■ TASK BRIEF ■
Retype the data exactly, skipping any picture in it.

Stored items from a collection

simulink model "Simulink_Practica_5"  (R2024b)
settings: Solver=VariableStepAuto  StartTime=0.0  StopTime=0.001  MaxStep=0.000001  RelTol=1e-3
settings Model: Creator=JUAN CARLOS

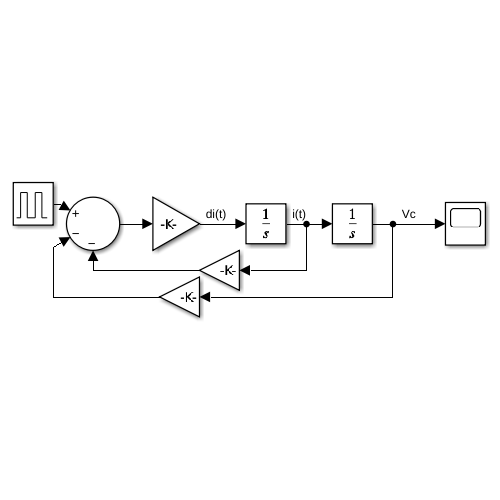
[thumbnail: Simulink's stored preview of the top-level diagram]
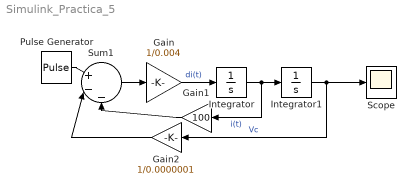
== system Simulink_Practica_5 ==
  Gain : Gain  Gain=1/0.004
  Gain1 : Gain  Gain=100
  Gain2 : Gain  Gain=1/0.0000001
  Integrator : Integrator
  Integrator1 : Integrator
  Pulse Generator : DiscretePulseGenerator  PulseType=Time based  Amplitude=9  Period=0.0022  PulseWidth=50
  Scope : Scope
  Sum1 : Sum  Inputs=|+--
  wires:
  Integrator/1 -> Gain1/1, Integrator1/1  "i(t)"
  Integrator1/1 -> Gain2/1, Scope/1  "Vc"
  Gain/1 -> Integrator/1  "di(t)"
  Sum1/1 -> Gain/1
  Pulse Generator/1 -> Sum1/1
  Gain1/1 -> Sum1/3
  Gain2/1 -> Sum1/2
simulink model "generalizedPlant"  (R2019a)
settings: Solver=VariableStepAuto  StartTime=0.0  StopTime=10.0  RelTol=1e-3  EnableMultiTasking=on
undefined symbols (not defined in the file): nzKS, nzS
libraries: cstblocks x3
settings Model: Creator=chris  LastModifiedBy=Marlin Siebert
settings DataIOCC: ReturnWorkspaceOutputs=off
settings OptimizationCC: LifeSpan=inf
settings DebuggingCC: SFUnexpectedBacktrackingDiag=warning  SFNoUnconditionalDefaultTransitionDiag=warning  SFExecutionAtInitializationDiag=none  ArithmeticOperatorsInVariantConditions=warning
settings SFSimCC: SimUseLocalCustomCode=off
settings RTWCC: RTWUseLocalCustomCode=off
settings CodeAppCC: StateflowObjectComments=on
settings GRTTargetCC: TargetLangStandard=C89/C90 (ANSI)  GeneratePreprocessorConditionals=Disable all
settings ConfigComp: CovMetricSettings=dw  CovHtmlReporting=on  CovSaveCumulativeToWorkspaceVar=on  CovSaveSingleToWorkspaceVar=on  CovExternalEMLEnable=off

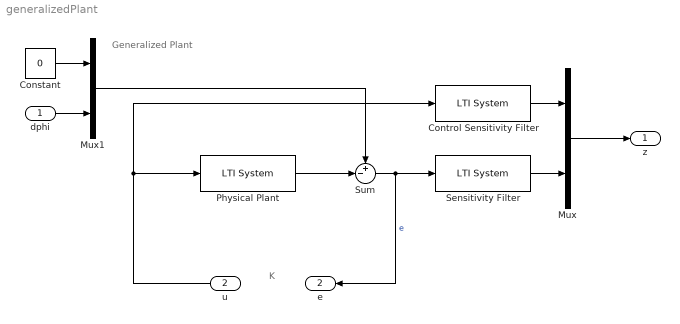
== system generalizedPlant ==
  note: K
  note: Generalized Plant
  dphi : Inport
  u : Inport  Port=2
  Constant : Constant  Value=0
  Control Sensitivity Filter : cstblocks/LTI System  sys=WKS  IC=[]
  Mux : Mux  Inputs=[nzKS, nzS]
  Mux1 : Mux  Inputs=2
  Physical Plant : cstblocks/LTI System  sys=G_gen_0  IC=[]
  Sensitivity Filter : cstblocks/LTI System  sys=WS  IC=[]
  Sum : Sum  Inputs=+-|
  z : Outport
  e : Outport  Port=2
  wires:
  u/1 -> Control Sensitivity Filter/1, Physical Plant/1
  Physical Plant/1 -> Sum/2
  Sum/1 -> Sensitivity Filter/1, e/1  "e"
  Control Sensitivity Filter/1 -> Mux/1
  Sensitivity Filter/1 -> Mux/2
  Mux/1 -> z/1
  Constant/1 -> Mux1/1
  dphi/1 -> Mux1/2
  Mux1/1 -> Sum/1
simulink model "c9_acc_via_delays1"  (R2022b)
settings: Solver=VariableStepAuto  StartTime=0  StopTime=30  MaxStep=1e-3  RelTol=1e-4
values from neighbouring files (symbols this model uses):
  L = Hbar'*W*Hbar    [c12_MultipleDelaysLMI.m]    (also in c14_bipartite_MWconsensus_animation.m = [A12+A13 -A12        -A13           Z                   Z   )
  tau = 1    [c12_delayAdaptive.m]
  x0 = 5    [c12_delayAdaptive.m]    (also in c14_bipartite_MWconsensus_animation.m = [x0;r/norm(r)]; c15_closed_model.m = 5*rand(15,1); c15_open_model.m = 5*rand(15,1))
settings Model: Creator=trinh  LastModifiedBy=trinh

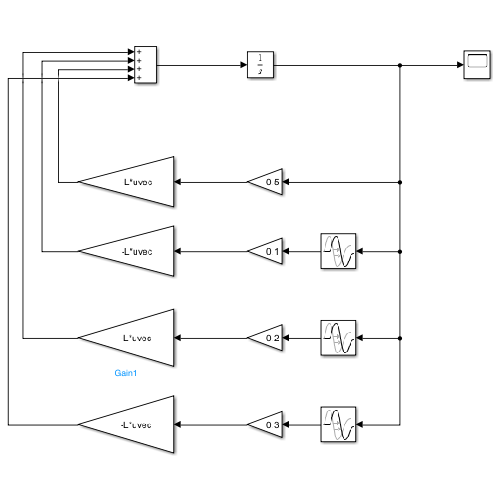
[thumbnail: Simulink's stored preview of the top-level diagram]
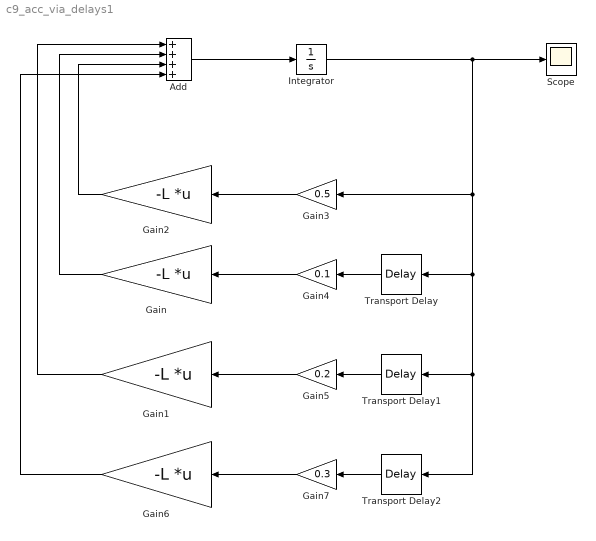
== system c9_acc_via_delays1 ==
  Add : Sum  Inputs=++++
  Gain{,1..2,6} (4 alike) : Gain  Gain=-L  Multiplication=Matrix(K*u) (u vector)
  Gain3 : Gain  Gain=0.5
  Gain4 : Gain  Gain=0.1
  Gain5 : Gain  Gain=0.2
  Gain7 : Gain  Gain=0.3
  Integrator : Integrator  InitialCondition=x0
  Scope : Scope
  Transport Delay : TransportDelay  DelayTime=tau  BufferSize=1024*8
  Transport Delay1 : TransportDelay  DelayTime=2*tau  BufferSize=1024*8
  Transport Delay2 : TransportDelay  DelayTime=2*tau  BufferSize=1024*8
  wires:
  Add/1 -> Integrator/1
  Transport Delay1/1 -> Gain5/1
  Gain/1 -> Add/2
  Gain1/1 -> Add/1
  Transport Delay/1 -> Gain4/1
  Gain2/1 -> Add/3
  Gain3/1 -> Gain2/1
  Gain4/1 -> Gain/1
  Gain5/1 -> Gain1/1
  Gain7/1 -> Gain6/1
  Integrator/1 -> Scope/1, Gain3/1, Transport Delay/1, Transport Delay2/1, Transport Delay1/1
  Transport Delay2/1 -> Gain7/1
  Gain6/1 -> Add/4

■ WRITTEN RESPONSE ■
simulink model "Simulink_Practica_5"  (R2024b)
settings: Solver=VariableStepAuto  StartTime=0.0  StopTime=0.001  MaxStep=0.000001  RelTol=1e-3
settings Model: Creator=JUAN CARLOS

[thumbnail: Simulink's stored preview of the top-level diagram]
== system Simulink_Practica_5 ==
  Gain : Gain  Gain=1/0.004
  Gain1 : Gain  Gain=100
  Gain2 : Gain  Gain=1/0.0000001
  Integrator : Integrator
  Integrator1 : Integrator
  Pulse Generator : DiscretePulseGenerator  PulseType=Time based  Amplitude=9  Period=0.0022  PulseWidth=50
  Scope : Scope
  Sum1 : Sum  Inputs=|+--
  wires:
  Integrator/1 -> Gain1/1, Integrator1/1  "i(t)"
  Integrator1/1 -> Gain2/1, Scope/1  "Vc"
  Gain/1 -> Integrator/1  "di(t)"
  Sum1/1 -> Gain/1
  Pulse Generator/1 -> Sum1/1
  Gain1/1 -> Sum1/3
  Gain2/1 -> Sum1/2
simulink model "generalizedPlant"  (R2019a)
settings: Solver=VariableStepAuto  StartTime=0.0  StopTime=10.0  RelTol=1e-3  EnableMultiTasking=on
undefined symbols (not defined in the file): nzKS, nzS
libraries: cstblocks x3
settings Model: Creator=chris  LastModifiedBy=Marlin Siebert
settings DataIOCC: ReturnWorkspaceOutputs=off
settings OptimizationCC: LifeSpan=inf
settings DebuggingCC: SFUnexpectedBacktrackingDiag=warning  SFNoUnconditionalDefaultTransitionDiag=warning  SFExecutionAtInitializationDiag=none  ArithmeticOperatorsInVariantConditions=warning
settings SFSimCC: SimUseLocalCustomCode=off
settings RTWCC: RTWUseLocalCustomCode=off
settings CodeAppCC: StateflowObjectComments=on
settings GRTTargetCC: TargetLangStandard=C89/C90 (ANSI)  GeneratePreprocessorConditionals=Disable all
settings ConfigComp: CovMetricSettings=dw  CovHtmlReporting=on  CovSaveCumulativeToWorkspaceVar=on  CovSaveSingleToWorkspaceVar=on  CovExternalEMLEnable=off

== system generalizedPlant ==
  note: K
  note: Generalized Plant
  dphi : Inport
  u : Inport  Port=2
  Constant : Constant  Value=0
  Control Sensitivity Filter : cstblocks/LTI System  sys=WKS  IC=[]
  Mux : Mux  Inputs=[nzKS, nzS]
  Mux1 : Mux  Inputs=2
  Physical Plant : cstblocks/LTI System  sys=G_gen_0  IC=[]
  Sensitivity Filter : cstblocks/LTI System  sys=WS  IC=[]
  Sum : Sum  Inputs=+-|
  z : Outport
  e : Outport  Port=2
  wires:
  u/1 -> Control Sensitivity Filter/1, Physical Plant/1
  Physical Plant/1 -> Sum/2
  Sum/1 -> Sensitivity Filter/1, e/1  "e"
  Control Sensitivity Filter/1 -> Mux/1
  Sensitivity Filter/1 -> Mux/2
  Mux/1 -> z/1
  Constant/1 -> Mux1/1
  dphi/1 -> Mux1/2
  Mux1/1 -> Sum/1
simulink model "c9_acc_via_delays1"  (R2022b)
settings: Solver=VariableStepAuto  StartTime=0  StopTime=30  MaxStep=1e-3  RelTol=1e-4
values from neighbouring files (symbols this model uses):
  L = Hbar'*W*Hbar    [c12_MultipleDelaysLMI.m]    (also in c14_bipartite_MWconsensus_animation.m = [A12+A13 -A12        -A13           Z                   Z   )
  tau = 1    [c12_delayAdaptive.m]
  x0 = 5    [c12_delayAdaptive.m]    (also in c14_bipartite_MWconsensus_animation.m = [x0;r/norm(r)]; c15_closed_model.m = 5*rand(15,1); c15_open_model.m = 5*rand(15,1))
settings Model: Creator=trinh  LastModifiedBy=trinh

[thumbnail: Simulink's stored preview of the top-level diagram]
== system c9_acc_via_delays1 ==
  Add : Sum  Inputs=++++
  Gain{,1..2,6} (4 alike) : Gain  Gain=-L  Multiplication=Matrix(K*u) (u vector)
  Gain3 : Gain  Gain=0.5
  Gain4 : Gain  Gain=0.1
  Gain5 : Gain  Gain=0.2
  Gain7 : Gain  Gain=0.3
  Integrator : Integrator  InitialCondition=x0
  Scope : Scope
  Transport Delay : TransportDelay  DelayTime=tau  BufferSize=1024*8
  Transport Delay1 : TransportDelay  DelayTime=2*tau  BufferSize=1024*8
  Transport Delay2 : TransportDelay  DelayTime=2*tau  BufferSize=1024*8
  wires:
  Add/1 -> Integrator/1
  Transport Delay1/1 -> Gain5/1
  Gain/1 -> Add/2
  Gain1/1 -> Add/1
  Transport Delay/1 -> Gain4/1
  Gain2/1 -> Add/3
  Gain3/1 -> Gain2/1
  Gain4/1 -> Gain/1
  Gain5/1 -> Gain1/1
  Gain7/1 -> Gain6/1
  Integrator/1 -> Scope/1, Gain3/1, Transport Delay/1, Transport Delay2/1, Transport Delay1/1
  Transport Delay2/1 -> Gain7/1
  Gain6/1 -> Add/4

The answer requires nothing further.